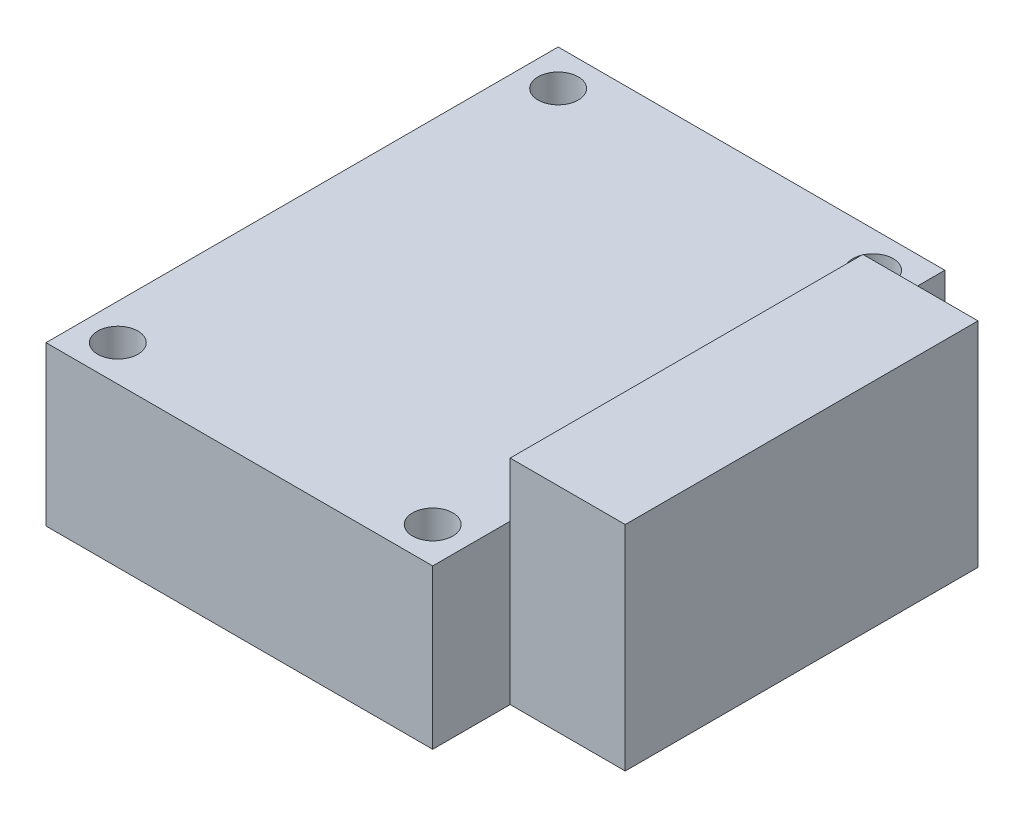
ISO-10303-21;
HEADER;
FILE_DESCRIPTION(('STEP AP214'),'2;1');
FILE_NAME('part.step','',(''),(''),'','','');
FILE_SCHEMA(('AUTOMOTIVE_DESIGN { 1 0 10303 214 1 1 1 1 }'));
ENDSEC;
DATA;
#1=APPLICATION_CONTEXT('core data for automotive mechanical design processes');
#2=APPLICATION_PROTOCOL_DEFINITION('international standard','automotive_design',2000,#1);
#3=PRODUCT_CONTEXT('',#1,'mechanical');
#4=PRODUCT('Part','Part','',(#3));
#5=PRODUCT_RELATED_PRODUCT_CATEGORY('part','',(#4));
#6=PRODUCT_DEFINITION_FORMATION('','',#4);
#7=PRODUCT_DEFINITION_CONTEXT('part definition',#1,'design');
#8=PRODUCT_DEFINITION('design','',#6,#7);
#9=PRODUCT_DEFINITION_SHAPE('','',#8);
#10=(LENGTH_UNIT() NAMED_UNIT(*) SI_UNIT(.MILLI.,.METRE.));
#11=(NAMED_UNIT(*) PLANE_ANGLE_UNIT() SI_UNIT($,.RADIAN.));
#12=(NAMED_UNIT(*) SI_UNIT($,.STERADIAN.) SOLID_ANGLE_UNIT());
#13=UNCERTAINTY_MEASURE_WITH_UNIT(LENGTH_MEASURE(1.E-05),#10,'distance_accuracy_value','');
#14=(GEOMETRIC_REPRESENTATION_CONTEXT(3) GLOBAL_UNCERTAINTY_ASSIGNED_CONTEXT((#13)) GLOBAL_UNIT_ASSIGNED_CONTEXT((#10,
#11,#12)) REPRESENTATION_CONTEXT('',''));
#15=CARTESIAN_POINT('',(0.,0.,0.));
#16=DIRECTION('',(0.,0.,1.));
#17=DIRECTION('',(1.,0.,0.));
#18=AXIS2_PLACEMENT_3D('',#15,#16,#17);
#19=CARTESIAN_POINT('',(16.8,13.8,22.25));
#20=DIRECTION('',(-1.,0.,0.));
#21=DIRECTION('',(0.,0.,1.));
#22=AXIS2_PLACEMENT_3D('',#19,#20,#21);
#23=PLANE('',#22);
#24=DIRECTION('',(0.,-1.,0.));
#25=VECTOR('',#24,1.);
#26=CARTESIAN_POINT('',(16.8,8.55,15.52));
#27=LINE('',#26,#25);
#28=CARTESIAN_POINT('',(16.8,13.8,15.52));
#29=VERTEX_POINT('',#28);
#30=CARTESIAN_POINT('',(16.8,0.,15.52));
#31=VERTEX_POINT('',#30);
#32=EDGE_CURVE('E137',#29,#31,#27,.T.);
#33=ORIENTED_EDGE('',*,*,#32,.F.);
#34=DIRECTION('',(0.,0.,-1.));
#35=VECTOR('',#34,1.);
#36=CARTESIAN_POINT('',(16.8,13.8,22.25));
#37=LINE('',#36,#35);
#38=CARTESIAN_POINT('',(16.8,13.8,22.25));
#39=VERTEX_POINT('',#38);
#40=EDGE_CURVE('E174',#39,#29,#37,.T.);
#41=ORIENTED_EDGE('',*,*,#40,.F.);
#42=DIRECTION('',(0.,-1.,0.));
#43=VECTOR('',#42,1.);
#44=CARTESIAN_POINT('',(16.8,13.8,22.25));
#45=LINE('',#44,#43);
#46=CARTESIAN_POINT('',(16.8,0.,22.25));
#47=VERTEX_POINT('',#46);
#48=EDGE_CURVE('E183',#39,#47,#45,.T.);
#49=ORIENTED_EDGE('',*,*,#48,.T.);
#50=DIRECTION('',(0.,0.,-1.));
#51=VECTOR('',#50,1.);
#52=CARTESIAN_POINT('',(16.8,0.,22.25));
#53=LINE('',#52,#51);
#54=EDGE_CURVE('E54',#47,#31,#53,.T.);
#55=ORIENTED_EDGE('',*,*,#54,.T.);
#56=EDGE_LOOP('',(#33,#41,#49,#55));
#57=FACE_BOUND('',#56,.T.);
#58=ADVANCED_FACE('F32',(#57),#23,.F.);
#59=CARTESIAN_POINT('',(16.8,13.8,-15.13));
#60=VERTEX_POINT('',#59);
#61=CARTESIAN_POINT('',(16.8,13.8,-22.25));
#62=VERTEX_POINT('',#61);
#63=EDGE_CURVE('E177',#60,#62,#37,.T.);
#64=ORIENTED_EDGE('',*,*,#63,.F.);
#65=DIRECTION('',(0.,1.,0.));
#66=VECTOR('',#65,1.);
#67=CARTESIAN_POINT('',(16.8,8.55,-15.13));
#68=LINE('',#67,#66);
#69=CARTESIAN_POINT('',(16.8,0.,-15.13));
#70=VERTEX_POINT('',#69);
#71=EDGE_CURVE('E46',#70,#60,#68,.T.);
#72=ORIENTED_EDGE('',*,*,#71,.F.);
#73=CARTESIAN_POINT('',(16.8,0.,-22.25));
#74=VERTEX_POINT('',#73);
#75=EDGE_CURVE('E171',#70,#74,#53,.T.);
#76=ORIENTED_EDGE('',*,*,#75,.T.);
#77=DIRECTION('',(0.,-1.,0.));
#78=VECTOR('',#77,1.);
#79=CARTESIAN_POINT('',(16.8,13.8,-22.25));
#80=LINE('',#79,#78);
#81=EDGE_CURVE('E11',#62,#74,#80,.T.);
#82=ORIENTED_EDGE('',*,*,#81,.F.);
#83=EDGE_LOOP('',(#64,#72,#76,#82));
#84=FACE_BOUND('',#83,.T.);
#85=ADVANCED_FACE('F218',(#84),#23,.F.);
#86=CARTESIAN_POINT('',(0.,13.8,0.));
#87=DIRECTION('',(0.,-1.,0.));
#88=DIRECTION('',(0.,0.,-1.));
#89=AXIS2_PLACEMENT_3D('',#86,#87,#88);
#90=PLANE('',#89);
#91=ORIENTED_EDGE('',*,*,#40,.T.);
#92=DIRECTION('',(0.,0.,1.));
#93=VECTOR('',#92,1.);
#94=CARTESIAN_POINT('',(16.8,13.8,0.));
#95=LINE('',#94,#93);
#96=EDGE_CURVE('E128',#60,#29,#95,.T.);
#97=ORIENTED_EDGE('',*,*,#96,.F.);
#98=ORIENTED_EDGE('',*,*,#63,.T.);
#99=DIRECTION('',(-1.,0.,0.));
#100=VECTOR('',#99,1.);
#101=CARTESIAN_POINT('',(-16.8,13.8,-22.25));
#102=LINE('',#101,#100);
#103=CARTESIAN_POINT('',(-16.8,13.8,-22.25));
#104=VERTEX_POINT('',#103);
#105=EDGE_CURVE('E176',#62,#104,#102,.T.);
#106=ORIENTED_EDGE('',*,*,#105,.T.);
#107=DIRECTION('',(0.,0.,1.));
#108=VECTOR('',#107,1.);
#109=CARTESIAN_POINT('',(-16.8,13.8,22.25));
#110=LINE('',#109,#108);
#111=CARTESIAN_POINT('',(-16.8,13.8,22.25));
#112=VERTEX_POINT('',#111);
#113=EDGE_CURVE('E179',#104,#112,#110,.T.);
#114=ORIENTED_EDGE('',*,*,#113,.T.);
#115=DIRECTION('',(1.,0.,0.));
#116=VECTOR('',#115,1.);
#117=CARTESIAN_POINT('',(-16.8,13.8,22.25));
#118=LINE('',#117,#116);
#119=EDGE_CURVE('E181',#112,#39,#118,.T.);
#120=ORIENTED_EDGE('',*,*,#119,.T.);
#121=EDGE_LOOP('',(#91,#97,#98,#106,#114,#120));
#122=FACE_BOUND('',#121,.T.);
#123=CARTESIAN_POINT('',(-13.68,13.8,-19.13));
#124=DIRECTION('',(0.,1.,0.));
#125=DIRECTION('',(0.,0.,1.));
#126=AXIS2_PLACEMENT_3D('',#123,#124,#125);
#127=CIRCLE('',#126,1.75);
#128=CARTESIAN_POINT('',(-13.68,13.8,-20.88));
#129=VERTEX_POINT('',#128);
#130=EDGE_CURVE('E168',#129,#129,#127,.T.);
#131=ORIENTED_EDGE('',*,*,#130,.F.);
#132=EDGE_LOOP('',(#131));
#133=FACE_BOUND('',#132,.T.);
#134=CARTESIAN_POINT('',(-13.68,13.8,19.13));
#135=DIRECTION('',(0.,1.,0.));
#136=DIRECTION('',(0.,0.,1.));
#137=AXIS2_PLACEMENT_3D('',#134,#135,#136);
#138=CIRCLE('',#137,1.75);
#139=CARTESIAN_POINT('',(-13.68,13.8,17.38));
#140=VERTEX_POINT('',#139);
#141=EDGE_CURVE('E162',#140,#140,#138,.T.);
#142=ORIENTED_EDGE('',*,*,#141,.F.);
#143=EDGE_LOOP('',(#142));
#144=FACE_BOUND('',#143,.T.);
#145=CARTESIAN_POINT('',(13.68,13.8,19.13));
#146=DIRECTION('',(0.,1.,0.));
#147=DIRECTION('',(0.,0.,1.));
#148=AXIS2_PLACEMENT_3D('',#145,#146,#147);
#149=CIRCLE('',#148,1.75);
#150=CARTESIAN_POINT('',(13.68,13.8,17.38));
#151=VERTEX_POINT('',#150);
#152=EDGE_CURVE('E156',#151,#151,#149,.T.);
#153=ORIENTED_EDGE('',*,*,#152,.F.);
#154=EDGE_LOOP('',(#153));
#155=FACE_BOUND('',#154,.T.);
#156=CARTESIAN_POINT('',(13.68,13.8,-19.13));
#157=DIRECTION('',(0.,1.,0.));
#158=DIRECTION('',(0.,0.,1.));
#159=AXIS2_PLACEMENT_3D('',#156,#157,#158);
#160=CIRCLE('',#159,1.75);
#161=CARTESIAN_POINT('',(13.68,13.8,-20.88));
#162=VERTEX_POINT('',#161);
#163=EDGE_CURVE('E150',#162,#162,#160,.T.);
#164=ORIENTED_EDGE('',*,*,#163,.F.);
#165=EDGE_LOOP('',(#164));
#166=FACE_BOUND('',#165,.T.);
#167=ADVANCED_FACE('F214',(#122,#133,#144,#155,#166),#90,.F.);
#168=CARTESIAN_POINT('',(0.,0.,0.));
#169=DIRECTION('',(0.,-1.,0.));
#170=DIRECTION('',(0.,0.,-1.));
#171=AXIS2_PLACEMENT_3D('',#168,#169,#170);
#172=PLANE('',#171);
#173=CARTESIAN_POINT('',(13.68,0.,19.13));
#174=DIRECTION('',(0.,1.,0.));
#175=DIRECTION('',(0.,0.,1.));
#176=AXIS2_PLACEMENT_3D('',#173,#174,#175);
#177=CIRCLE('',#176,1.75);
#178=CARTESIAN_POINT('',(13.68,0.,17.38));
#179=VERTEX_POINT('',#178);
#180=EDGE_CURVE('E153',#179,#179,#177,.T.);
#181=ORIENTED_EDGE('',*,*,#180,.T.);
#182=EDGE_LOOP('',(#181));
#183=FACE_BOUND('',#182,.T.);
#184=CARTESIAN_POINT('',(-13.68,0.,-19.13));
#185=DIRECTION('',(0.,1.,0.));
#186=DIRECTION('',(0.,0.,1.));
#187=AXIS2_PLACEMENT_3D('',#184,#185,#186);
#188=CIRCLE('',#187,1.75);
#189=CARTESIAN_POINT('',(-13.68,0.,-20.88));
#190=VERTEX_POINT('',#189);
#191=EDGE_CURVE('E165',#190,#190,#188,.T.);
#192=ORIENTED_EDGE('',*,*,#191,.T.);
#193=EDGE_LOOP('',(#192));
#194=FACE_BOUND('',#193,.T.);
#195=ORIENTED_EDGE('',*,*,#54,.F.);
#196=DIRECTION('',(1.,0.,0.));
#197=VECTOR('',#196,1.);
#198=CARTESIAN_POINT('',(-16.8,0.,22.25));
#199=LINE('',#198,#197);
#200=CARTESIAN_POINT('',(-16.8,0.,22.25));
#201=VERTEX_POINT('',#200);
#202=EDGE_CURVE('E189',#201,#47,#199,.T.);
#203=ORIENTED_EDGE('',*,*,#202,.F.);
#204=DIRECTION('',(0.,0.,1.));
#205=VECTOR('',#204,1.);
#206=CARTESIAN_POINT('',(-16.8,0.,22.25));
#207=LINE('',#206,#205);
#208=CARTESIAN_POINT('',(-16.8,0.,-22.25));
#209=VERTEX_POINT('',#208);
#210=EDGE_CURVE('E187',#209,#201,#207,.T.);
#211=ORIENTED_EDGE('',*,*,#210,.F.);
#212=DIRECTION('',(-1.,0.,0.));
#213=VECTOR('',#212,1.);
#214=CARTESIAN_POINT('',(-16.8,0.,-22.25));
#215=LINE('',#214,#213);
#216=EDGE_CURVE('E185',#74,#209,#215,.T.);
#217=ORIENTED_EDGE('',*,*,#216,.F.);
#218=ORIENTED_EDGE('',*,*,#75,.F.);
#219=DIRECTION('',(-1.,0.,0.));
#220=VECTOR('',#219,1.);
#221=CARTESIAN_POINT('',(26.8,0.,-15.13));
#222=LINE('',#221,#220);
#223=CARTESIAN_POINT('',(26.8,0.,-15.13));
#224=VERTEX_POINT('',#223);
#225=EDGE_CURVE('E141',#224,#70,#222,.T.);
#226=ORIENTED_EDGE('',*,*,#225,.F.);
#227=DIRECTION('',(0.,0.,-1.));
#228=VECTOR('',#227,1.);
#229=CARTESIAN_POINT('',(26.8,0.,15.52));
#230=LINE('',#229,#228);
#231=CARTESIAN_POINT('',(26.8,0.,15.52));
#232=VERTEX_POINT('',#231);
#233=EDGE_CURVE('E139',#232,#224,#230,.T.);
#234=ORIENTED_EDGE('',*,*,#233,.F.);
#235=DIRECTION('',(-1.,0.,0.));
#236=VECTOR('',#235,1.);
#237=CARTESIAN_POINT('',(26.8,0.,15.52));
#238=LINE('',#237,#236);
#239=EDGE_CURVE('E146',#232,#31,#238,.T.);
#240=ORIENTED_EDGE('',*,*,#239,.T.);
#241=EDGE_LOOP('',(#195,#203,#211,#217,#218,#226,#234,#240));
#242=FACE_BOUND('',#241,.T.);
#243=CARTESIAN_POINT('',(-13.68,0.,19.13));
#244=DIRECTION('',(0.,1.,0.));
#245=DIRECTION('',(0.,0.,1.));
#246=AXIS2_PLACEMENT_3D('',#243,#244,#245);
#247=CIRCLE('',#246,1.75);
#248=CARTESIAN_POINT('',(-13.68,0.,17.38));
#249=VERTEX_POINT('',#248);
#250=EDGE_CURVE('E159',#249,#249,#247,.T.);
#251=ORIENTED_EDGE('',*,*,#250,.T.);
#252=EDGE_LOOP('',(#251));
#253=FACE_BOUND('',#252,.T.);
#254=CARTESIAN_POINT('',(13.68,0.,-19.13));
#255=DIRECTION('',(0.,1.,0.));
#256=DIRECTION('',(0.,0.,1.));
#257=AXIS2_PLACEMENT_3D('',#254,#255,#256);
#258=CIRCLE('',#257,1.75);
#259=CARTESIAN_POINT('',(13.68,0.,-20.88));
#260=VERTEX_POINT('',#259);
#261=EDGE_CURVE('E149',#260,#260,#258,.T.);
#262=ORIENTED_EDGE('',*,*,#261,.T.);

-=-=-

Task item →
All lines from the one with "#256=DIRECTION('',(0.,0.,1.));" onward to the end of the records above should be repeated exactly, and only those lines.

Solution to this task →
#256=DIRECTION('',(0.,0.,1.));
#257=AXIS2_PLACEMENT_3D('',#254,#255,#256);
#258=CIRCLE('',#257,1.75);
#259=CARTESIAN_POINT('',(13.68,0.,-20.88));
#260=VERTEX_POINT('',#259);
#261=EDGE_CURVE('E149',#260,#260,#258,.T.);
#262=ORIENTED_EDGE('',*,*,#261,.T.);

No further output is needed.